Data to use
===
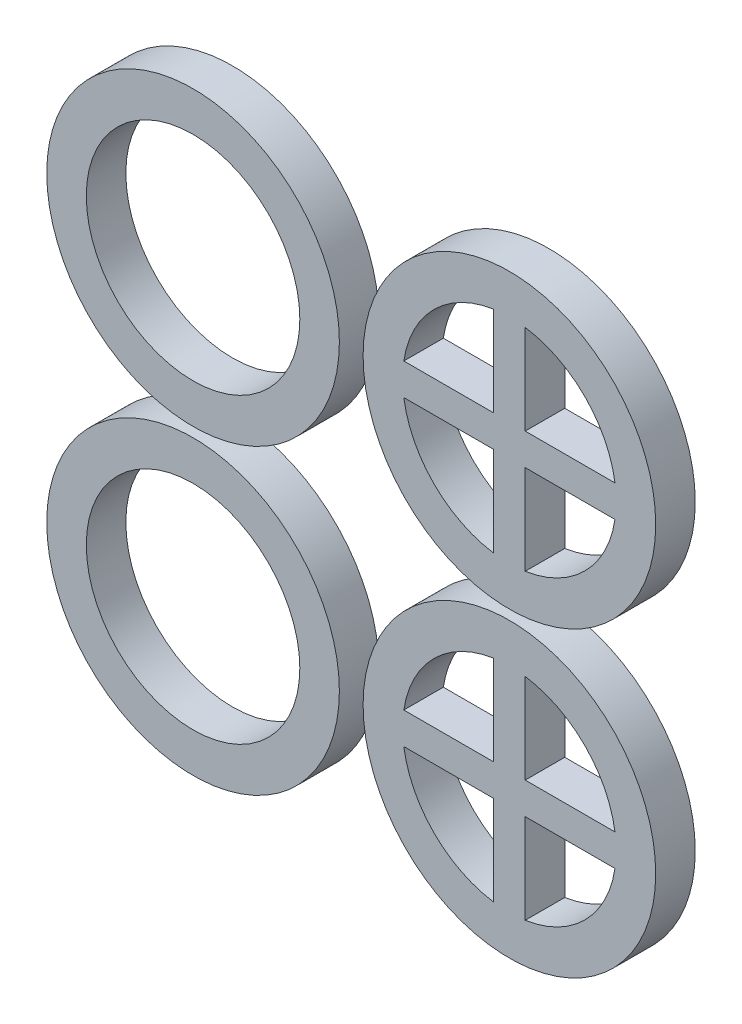
ISO-10303-21;
HEADER;
FILE_DESCRIPTION(('STEP AP214'),'2;1');
FILE_NAME('part.step','',(''),(''),'','','');
FILE_SCHEMA(('AUTOMOTIVE_DESIGN { 1 0 10303 214 1 1 1 1 }'));
ENDSEC;
DATA;
#1=APPLICATION_CONTEXT('core data for automotive mechanical design processes');
#2=APPLICATION_PROTOCOL_DEFINITION('international standard','automotive_design',2000,#1);
#3=PRODUCT_CONTEXT('',#1,'mechanical');
#4=PRODUCT('Part','Part','',(#3));
#5=PRODUCT_RELATED_PRODUCT_CATEGORY('part','',(#4));
#6=PRODUCT_DEFINITION_FORMATION('','',#4);
#7=PRODUCT_DEFINITION_CONTEXT('part definition',#1,'design');
#8=PRODUCT_DEFINITION('design','',#6,#7);
#9=PRODUCT_DEFINITION_SHAPE('','',#8);
#10=(LENGTH_UNIT() NAMED_UNIT(*) SI_UNIT(.MILLI.,.METRE.));
#11=(NAMED_UNIT(*) PLANE_ANGLE_UNIT() SI_UNIT($,.RADIAN.));
#12=(NAMED_UNIT(*) SI_UNIT($,.STERADIAN.) SOLID_ANGLE_UNIT());
#13=UNCERTAINTY_MEASURE_WITH_UNIT(LENGTH_MEASURE(1.E-05),#10,'distance_accuracy_value','');
#14=(GEOMETRIC_REPRESENTATION_CONTEXT(3) GLOBAL_UNCERTAINTY_ASSIGNED_CONTEXT((#13)) GLOBAL_UNIT_ASSIGNED_CONTEXT((#10,
#11,#12)) REPRESENTATION_CONTEXT('',''));
#15=CARTESIAN_POINT('',(0.,0.,0.));
#16=DIRECTION('',(0.,0.,1.));
#17=DIRECTION('',(1.,0.,0.));
#18=AXIS2_PLACEMENT_3D('',#15,#16,#17);
#19=CARTESIAN_POINT('',(40.,-38.2182769009653,5.));
#20=DIRECTION('',(0.,0.,1.));
#21=DIRECTION('',(1.,0.,0.));
#22=AXIS2_PLACEMENT_3D('',#19,#20,#21);
#23=PLANE('',#22);
#24=CARTESIAN_POINT('',(40.,-38.2182769009653,5.));
#25=DIRECTION('',(0.,0.,1.));
#26=DIRECTION('',(1.,0.,0.));
#27=AXIS2_PLACEMENT_3D('',#24,#25,#26);
#28=CIRCLE('',#27,18.5);
#29=CARTESIAN_POINT('',(58.5,-38.2182769009653,5.));
#30=VERTEX_POINT('',#29);
#31=EDGE_CURVE('E12',#30,#30,#28,.T.);
#32=ORIENTED_EDGE('',*,*,#31,.T.);
#33=EDGE_LOOP('',(#32));
#34=FACE_BOUND('',#33,.T.);
#35=DIRECTION('',(1.,0.,0.));
#36=VECTOR('',#35,1.);
#37=CARTESIAN_POINT('',(26.6489700771813,-36.2182769009653,5.));
#38=LINE('',#37,#36);
#39=CARTESIAN_POINT('',(26.6489700771813,-36.2182769009653,5.));
#40=VERTEX_POINT('',#39);
#41=CARTESIAN_POINT('',(38.,-36.2182769009653,5.));
#42=VERTEX_POINT('',#41);
#43=EDGE_CURVE('E208',#40,#42,#38,.T.);
#44=ORIENTED_EDGE('',*,*,#43,.F.);
#45=CARTESIAN_POINT('',(40.,-38.2182769009653,5.));
#46=DIRECTION('',(0.,0.,1.));
#47=DIRECTION('',(1.,0.,0.));
#48=AXIS2_PLACEMENT_3D('',#45,#46,#47);
#49=CIRCLE('',#48,13.5);
#50=CARTESIAN_POINT('',(38.,-24.8672469781466,5.));
#51=VERTEX_POINT('',#50);
#52=EDGE_CURVE('E206',#51,#40,#49,.T.);
#53=ORIENTED_EDGE('',*,*,#52,.F.);
#54=DIRECTION('',(0.,1.,0.));
#55=VECTOR('',#54,1.);
#56=CARTESIAN_POINT('',(38.,-24.8672469781466,5.));
#57=LINE('',#56,#55);
#58=EDGE_CURVE('E212',#42,#51,#57,.T.);
#59=ORIENTED_EDGE('',*,*,#58,.F.);
#60=EDGE_LOOP('',(#44,#53,#59));
#61=FACE_BOUND('',#60,.T.);
#62=DIRECTION('',(0.,1.,0.));
#63=VECTOR('',#62,1.);
#64=CARTESIAN_POINT('',(38.,-40.2182769009653,5.));
#65=LINE('',#64,#63);
#66=CARTESIAN_POINT('',(38.,-51.569306823784,5.));
#67=VERTEX_POINT('',#66);
#68=CARTESIAN_POINT('',(38.,-40.2182769009653,5.));
#69=VERTEX_POINT('',#68);
#70=EDGE_CURVE('E184',#67,#69,#65,.T.);
#71=ORIENTED_EDGE('',*,*,#70,.F.);
#72=CARTESIAN_POINT('',(40.,-38.2182769009653,5.));
#73=DIRECTION('',(0.,0.,1.));
#74=DIRECTION('',(1.,0.,0.));
#75=AXIS2_PLACEMENT_3D('',#72,#73,#74);
#76=CIRCLE('',#75,13.5);
#77=CARTESIAN_POINT('',(26.6489700771813,-40.2182769009653,5.));
#78=VERTEX_POINT('',#77);
#79=EDGE_CURVE('E182',#78,#67,#76,.T.);
#80=ORIENTED_EDGE('',*,*,#79,.F.);
#81=DIRECTION('',(-1.,0.,0.));
#82=VECTOR('',#81,1.);
#83=CARTESIAN_POINT('',(26.6489700771813,-40.2182769009653,5.));
#84=LINE('',#83,#82);
#85=EDGE_CURVE('E188',#69,#78,#84,.T.);
#86=ORIENTED_EDGE('',*,*,#85,.F.);
#87=EDGE_LOOP('',(#71,#80,#86));
#88=FACE_BOUND('',#87,.T.);
#89=DIRECTION('',(-1.,0.,0.));
#90=VECTOR('',#89,1.);
#91=CARTESIAN_POINT('',(42.,-40.2182769009653,5.));
#92=LINE('',#91,#90);
#93=CARTESIAN_POINT('',(53.3510299228187,-40.2182769009653,5.));
#94=VERTEX_POINT('',#93);
#95=CARTESIAN_POINT('',(42.,-40.2182769009653,5.));
#96=VERTEX_POINT('',#95);
#97=EDGE_CURVE('E160',#94,#96,#92,.T.);
#98=ORIENTED_EDGE('',*,*,#97,.F.);
#99=CARTESIAN_POINT('',(40.,-38.2182769009653,5.));
#100=DIRECTION('',(0.,0.,1.));
#101=DIRECTION('',(1.,0.,0.));
#102=AXIS2_PLACEMENT_3D('',#99,#100,#101);
#103=CIRCLE('',#102,13.5);
#104=CARTESIAN_POINT('',(42.,-51.569306823784,5.));
#105=VERTEX_POINT('',#104);
#106=EDGE_CURVE('E158',#105,#94,#103,.T.);
#107=ORIENTED_EDGE('',*,*,#106,.F.);
#108=DIRECTION('',(0.,-1.,0.));
#109=VECTOR('',#108,1.);
#110=CARTESIAN_POINT('',(42.,-40.2182769009653,5.));
#111=LINE('',#110,#109);
#112=EDGE_CURVE('E164',#96,#105,#111,.T.);
#113=ORIENTED_EDGE('',*,*,#112,.F.);
#114=EDGE_LOOP('',(#98,#107,#113));
#115=FACE_BOUND('',#114,.T.);
#116=DIRECTION('',(0.,-1.,0.));
#117=VECTOR('',#116,1.);
#118=CARTESIAN_POINT('',(42.,-24.8672469781466,5.));
#119=LINE('',#118,#117);
#120=CARTESIAN_POINT('',(42.,-24.8672469781466,5.));
#121=VERTEX_POINT('',#120);
#122=CARTESIAN_POINT('',(42.,-36.2182769009653,5.));
#123=VERTEX_POINT('',#122);
#124=EDGE_CURVE('E139',#121,#123,#119,.T.);
#125=ORIENTED_EDGE('',*,*,#124,.F.);
#126=CARTESIAN_POINT('',(40.,-38.2182769009653,5.));
#127=DIRECTION('',(0.,0.,1.));
#128=DIRECTION('',(1.,0.,0.));
#129=AXIS2_PLACEMENT_3D('',#126,#127,#128);
#130=CIRCLE('',#129,13.5);
#131=CARTESIAN_POINT('',(53.3510299228187,-36.2182769009653,5.));
#132=VERTEX_POINT('',#131);
#133=EDGE_CURVE('E131',#132,#121,#130,.T.);
#134=ORIENTED_EDGE('',*,*,#133,.F.);
#135=DIRECTION('',(1.,0.,0.));
#136=VECTOR('',#135,1.);
#137=CARTESIAN_POINT('',(42.,-36.2182769009653,5.));
#138=LINE('',#137,#136);
#139=EDGE_CURVE('E148',#123,#132,#138,.T.);
#140=ORIENTED_EDGE('',*,*,#139,.F.);
#141=EDGE_LOOP('',(#125,#134,#140));
#142=FACE_BOUND('',#141,.T.);
#143=ADVANCED_FACE('F42',(#34,#61,#88,#115,#142),#23,.T.);
#144=CARTESIAN_POINT('',(40.,-38.2182769009653,0.));
#145=DIRECTION('',(0.,0.,1.));
#146=DIRECTION('',(1.,0.,0.));
#147=AXIS2_PLACEMENT_3D('',#144,#145,#146);
#148=PLANE('',#147);
#149=CARTESIAN_POINT('',(40.,-38.2182769009653,0.));
#150=DIRECTION('',(0.,0.,1.));
#151=DIRECTION('',(1.,0.,0.));
#152=AXIS2_PLACEMENT_3D('',#149,#150,#151);
#153=CIRCLE('',#152,13.5);
#154=CARTESIAN_POINT('',(42.,-51.569306823784,0.));
#155=VERTEX_POINT('',#154);
#156=CARTESIAN_POINT('',(53.3510299228187,-40.2182769009653,0.));
#157=VERTEX_POINT('',#156);
#158=EDGE_CURVE('E146',#155,#157,#153,.T.);
#159=ORIENTED_EDGE('',*,*,#158,.T.);
#160=DIRECTION('',(-1.,0.,0.));
#161=VECTOR('',#160,1.);
#162=CARTESIAN_POINT('',(42.,-40.2182769009653,0.));
#163=LINE('',#162,#161);
#164=CARTESIAN_POINT('',(42.,-40.2182769009653,0.));
#165=VERTEX_POINT('',#164);
#166=EDGE_CURVE('E169',#157,#165,#163,.T.);
#167=ORIENTED_EDGE('',*,*,#166,.T.);
#168=DIRECTION('',(0.,-1.,0.));
#169=VECTOR('',#168,1.);
#170=CARTESIAN_POINT('',(42.,-40.2182769009653,0.));
#171=LINE('',#170,#169);
#172=EDGE_CURVE('E161',#165,#155,#171,.T.);
#173=ORIENTED_EDGE('',*,*,#172,.T.);
#174=EDGE_LOOP('',(#159,#167,#173));
#175=FACE_BOUND('',#174,.T.);
#176=CARTESIAN_POINT('',(40.,-38.2182769009653,0.));
#177=DIRECTION('',(0.,0.,1.));
#178=DIRECTION('',(1.,0.,0.));
#179=AXIS2_PLACEMENT_3D('',#176,#177,#178);
#180=CIRCLE('',#179,13.5);
#181=CARTESIAN_POINT('',(38.,-24.8672469781466,0.));
#182=VERTEX_POINT('',#181);
#183=CARTESIAN_POINT('',(26.6489700771813,-36.2182769009653,0.));
#184=VERTEX_POINT('',#183);
#185=EDGE_CURVE('E205',#182,#184,#180,.T.);
#186=ORIENTED_EDGE('',*,*,#185,.T.);
#187=DIRECTION('',(1.,0.,0.));
#188=VECTOR('',#187,1.);
#189=CARTESIAN_POINT('',(26.6489700771813,-36.2182769009653,0.));
#190=LINE('',#189,#188);
#191=CARTESIAN_POINT('',(38.,-36.2182769009653,0.));
#192=VERTEX_POINT('',#191);
#193=EDGE_CURVE('E217',#184,#192,#190,.T.);
#194=ORIENTED_EDGE('',*,*,#193,.T.);
#195=DIRECTION('',(0.,1.,0.));
#196=VECTOR('',#195,1.);
#197=CARTESIAN_POINT('',(38.,-24.8672469781466,0.));
#198=LINE('',#197,#196);
#199=EDGE_CURVE('E209',#192,#182,#198,.T.);
#200=ORIENTED_EDGE('',*,*,#199,.T.);
#201=EDGE_LOOP('',(#186,#194,#200));
#202=FACE_BOUND('',#201,.T.);
#203=CARTESIAN_POINT('',(40.,-38.2182769009653,0.));
#204=DIRECTION('',(0.,0.,1.));
#205=DIRECTION('',(1.,0.,0.));
#206=AXIS2_PLACEMENT_3D('',#203,#204,#205);
#207=CIRCLE('',#206,18.5);
#208=CARTESIAN_POINT('',(58.5,-38.2182769009653,0.));
#209=VERTEX_POINT('',#208);
#210=EDGE_CURVE('E46',#209,#209,#207,.T.);
#211=ORIENTED_EDGE('',*,*,#210,.F.);
#212=EDGE_LOOP('',(#211));
#213=FACE_BOUND('',#212,.T.);
#214=CARTESIAN_POINT('',(40.,-38.2182769009653,0.));
#215=DIRECTION('',(0.,0.,1.));
#216=DIRECTION('',(1.,0.,0.));
#217=AXIS2_PLACEMENT_3D('',#214,#215,#216);
#218=CIRCLE('',#217,13.5);
#219=CARTESIAN_POINT('',(26.6489700771813,-40.2182769009653,0.));
#220=VERTEX_POINT('',#219);
#221=CARTESIAN_POINT('',(38.,-51.569306823784,0.));
#222=VERTEX_POINT('',#221);
#223=EDGE_CURVE('E181',#220,#222,#218,.T.);
#224=ORIENTED_EDGE('',*,*,#223,.T.);
#225=DIRECTION('',(0.,1.,0.));
#226=VECTOR('',#225,1.);
#227=CARTESIAN_POINT('',(38.,-40.2182769009653,0.));
#228=LINE('',#227,#226);
#229=CARTESIAN_POINT('',(38.,-40.2182769009653,0.));
#230=VERTEX_POINT('',#229);
#231=EDGE_CURVE('E193',#222,#230,#228,.T.);
#232=ORIENTED_EDGE('',*,*,#231,.T.);
#233=DIRECTION('',(-1.,0.,0.));
#234=VECTOR('',#233,1.);
#235=CARTESIAN_POINT('',(26.6489700771813,-40.2182769009653,0.));
#236=LINE('',#235,#234);
#237=EDGE_CURVE('E185',#230,#220,#236,.T.);
#238=ORIENTED_EDGE('',*,*,#237,.T.);
#239=EDGE_LOOP('',(#224,#232,#238));
#240=FACE_BOUND('',#239,.T.);
#241=CARTESIAN_POINT('',(40.,-38.2182769009653,0.));
#242=DIRECTION('',(0.,0.,1.));
#243=DIRECTION('',(1.,0.,0.));
#244=AXIS2_PLACEMENT_3D('',#241,#242,#243);
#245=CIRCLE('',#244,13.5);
===
Your answer should be the exact lines above from the one with "#109=VECTOR('',#108,1.);" through the one with "#123=VERTEX_POINT('',#122);", both included, and nothing besides.

Answer space
#109=VECTOR('',#108,1.);
#110=CARTESIAN_POINT('',(42.,-40.2182769009653,5.));
#111=LINE('',#110,#109);
#112=EDGE_CURVE('E164',#96,#105,#111,.T.);
#113=ORIENTED_EDGE('',*,*,#112,.F.);
#114=EDGE_LOOP('',(#98,#107,#113));
#115=FACE_BOUND('',#114,.T.);
#116=DIRECTION('',(0.,-1.,0.));
#117=VECTOR('',#116,1.);
#118=CARTESIAN_POINT('',(42.,-24.8672469781466,5.));
#119=LINE('',#118,#117);
#120=CARTESIAN_POINT('',(42.,-24.8672469781466,5.));
#121=VERTEX_POINT('',#120);
#122=CARTESIAN_POINT('',(42.,-36.2182769009653,5.));
#123=VERTEX_POINT('',#122);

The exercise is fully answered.